/Document-embedding-generation-models

Development and Application of Document Embedding for Semantic Text Retrieval

Primary LanguagePython

Document-embedding-generation-models

Introduction

This is a repository for a project: Development and Application of Document Embedding for Semantic Text Retrieval

We utilised multiple sentence embedding generation techniques and the SBERT sentence encoder (https://www.sbert.net/) to generate document embeddings based on hierarchical doucment structure.

The pipeline of this project:

1

==========================================================================
The models that we developed:

  1. Baseline (Average Pool)
  2. CNN (based on TextCNN by Kim, 2014)

Data pipeline of CNN model:

2

Image for TextCNN architecture, from Kim, 2014:
image

  1. Transformer (based on Transformer model by Vaswani et al., 2017)

Data pipeline of the transformer model:

3

  1. Transformer-Poly-Encoder

Data pipeline of the Transformer-Poly-Encoder model:

4

  1. Poly-Encoder (based on Poly-encoders by Humeau et al., 2019)

Data pipeline of the Poly-Encoder model:

4

==========================================================================
The models are evaluated and trained on PatentMatch ultrabalanced datasets (by Risch et al., 2020).

The training instance is a pair of documents (or paragraphs), text and text_b. If the two is related (e.g. text cited text_b), the label is 1, otherwise 0.

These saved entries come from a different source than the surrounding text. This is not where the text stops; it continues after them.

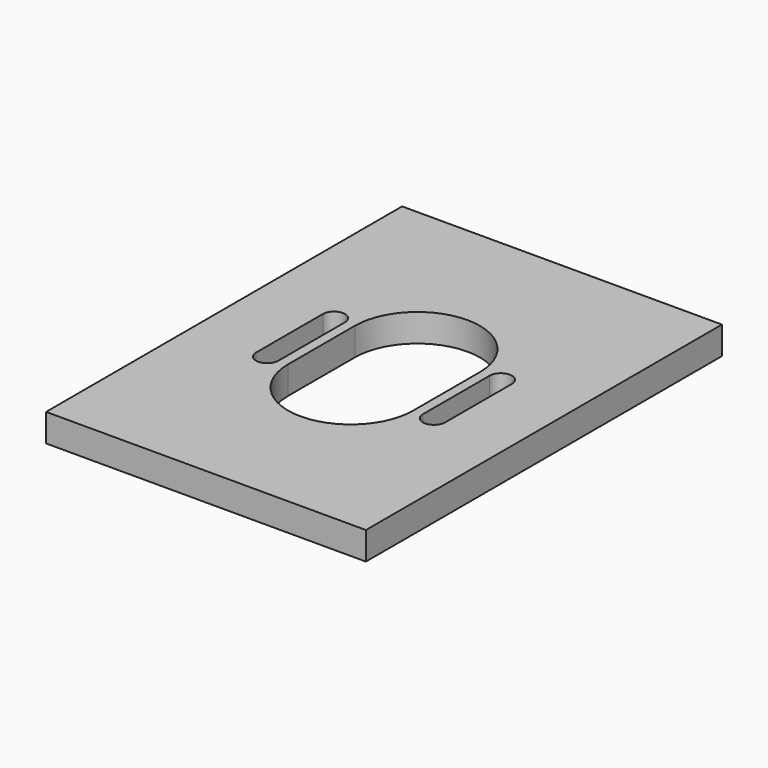
from build123d import *

# Parameters (mm, degrees)
F0_W     = 115
F0_H     = 160
F1_DEPTH = 10
F3_DEPTH = 10.001


# Not quite as in the source:
# - a pattern or mirror of a feature is missing from the dataset's text; its kind, count and spacing are read off the source's solid


with BuildPart() as f1:
    # F0 (on Top) → F1 (new body)
    with BuildSketch(Plane.XY):
        Rectangle(F0_W, F0_H)
        with BuildLine():
            Line((-22.5, -15), (-22.5, 15))
            ThreePointArc((-22.5, 15), (0, 37.5), (22.5, 15))
            Line((22.5, 15), (22.5, -15))
            ThreePointArc((22.5, -15), (0, -37.5), (-22.5, -15))
        make_face(mode=Mode.SUBTRACT)
    extrude(amount=F1_DEPTH)

    # F2 (on face) → F3 (cut, through all)
    with BuildSketch(Plane.XY.offset(10)):
        with BuildLine():
            ThreePointArc((-26, 15), (-30, 19), (-34, 15))
            Line((-34, 15), (-34, -15))
            ThreePointArc((-34, -15), (-30, -19), (-26, -15))
            Line((-26, -15), (-26, 0))
            Line((-26, 0), (-26, 15))
        make_face()
    f3 = extrude(amount=-F3_DEPTH, mode=Mode.SUBTRACT)

    # F3_copies: F3 across plane
    add(f3.mirror(Plane(origin=(0, 0, 0), x_dir=(0, 0, 1), z_dir=(1, 0, 0))), mode=Mode.SUBTRACT)


solid = f1.part
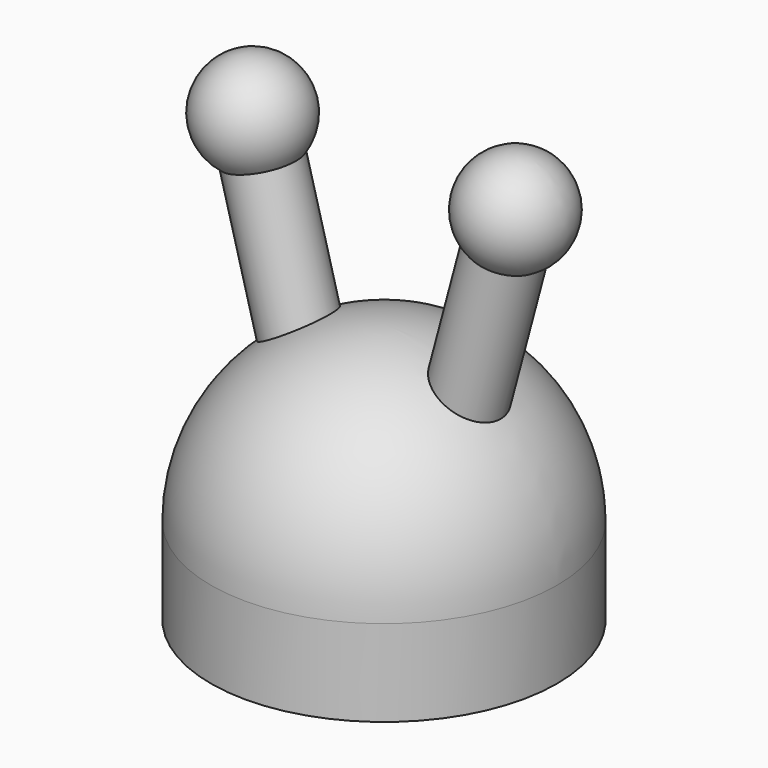
from build123d import *


# Not quite as in the source:
# - a pattern or mirror of a feature is missing from the dataset's text; its kind, count and spacing are read off the source's solid


with BuildPart() as f1:
    # F0 (on Front) → F1 (revolve)
    with BuildSketch(Plane.XZ):
        with BuildLine():
            ThreePointArc((0, 25), (2.5, 24.3301270189), (4.3301270189, 22.5))
            Line((4.3301270189, 22.5), (17.3205080757, 0))
            Line((17.3205080757, 0), (20, 0))
            Line((20, 0), (20, 10))
            ThreePointArc((20, 10), (14.1421356237, 24.1421356237), (0, 30))
            Line((0, 30), (0, 25))
        make_face()
    revolve(axis=Axis((0, 0, 15), (0, 0, 1)))

    # F2 (on Front) → F3 (revolve)
    with BuildSketch(Plane.XZ):
        with BuildLine():
            Line((15.1763809021, 46.6390246015), (9.3060056246, 24.7304858066))
            Line((9.3060056246, 24.7304858066), (13.1697089298, 23.6952096262))
            Line((13.1697089298, 23.6952096262), (17.8826102498, 41.2839968035))
            ThreePointArc((17.8826102498, 41.2839968035), (21.1445422637, 47.2563170454), (16.7292951727, 52.4345795592))
            Line((16.7292951727, 52.4345795592), (15.1763809021, 46.6390246015))
        make_face()
    f3 = revolve(axis=Axis((12.2411932633, 0, 35.684755204), (-0.2588190451, 0, -0.9659258263)))

    # F3_copies: F3 across plane
    add(f3.mirror(Plane(origin=(-2.2e-05, 0, 0), x_dir=(0, 0, -1), z_dir=(-1, 0, 0))))


solid = f1.part

The documents will be broken into sentences, which will be tokenized and encoded by SBERT. The set of sentence embeddings will then be the input of the models, which will turn them into document embeddings (i.e. paragraph embeddings) for similarity score calculation.

The similarity score calculation we used is cosine similarity, and model evaluation metric is AUROC.

Step To Run Source Codes

  1. Install all the required packages using the requirements.txt .
  2. Run DataPrep.py, enter the file directories of the original .tsv files of the train and test ultrabalanced PatentMatch dataset.
  3. Run TokGen.py, clearing of data and convert them to index tokens.
  4. Run ValidationSet.py, generate validation dataset from the training dataset.
  5. Run Baseline.py, evaluate the dataset and create the score.pt to keep logging model performance.
  6. Run any model from CNN.py, Transformer.py, Trans-poly-encoder.py and Poly-encoder.py according to need. (Note that Trans-poly-encoder.py requires a pretrained transformer model).

Extra Files

parameters.py: Configuration files, as well as some universally used functions.
ModelScore.py: The function for AUC score generation for model evaluation.
DataGenerator.py: The class for data generator used to generate mini-batches and the customized collate function.

Reference

  1. SBERT Sentence Encoder (https://www.sbert.net/): Reimers & Gurevych, 2019, Sentence-BERT: Sentence Embeddings using Siamese BERT-Networks, arXiv e-prints, URL: https://arxiv.org/abs/1908.10084 ;
  2. TextCNN: Kim, 2014, Convolutional Neural Networks for Sentence Classification, arXiv e-prints, URL:https://arxiv.org/abs/1408.5882 ;
  3. Transformer: Vaswani et al., 2017, Attention is All You Need, URL: https://proceedings.neurips.cc/paper/2017/file/3f5ee243547dee91fbd053c1c4a845aa-Paper.pdf ;
  4. Poly-Encoder: Humeau et al., 2019, Poly-encoders: Transformer Architectures and Pre-training Strategies for Fast and Accurate Multi-sentence Scoring, arXiv e-prints, URL: https://arxiv.org/abs/1905.01969 ;
  5. PatentMatch Dataset: Risch et al., 2020, PatentMatch: A Dataset for Matching Patent Claims & Prior Art, arXiv e-prints, URL: https://arxiv.org/abs/2012.13919 ;
  6. References for the tranformer and poly-encoder model construction are cited in the corresponding python files as comments.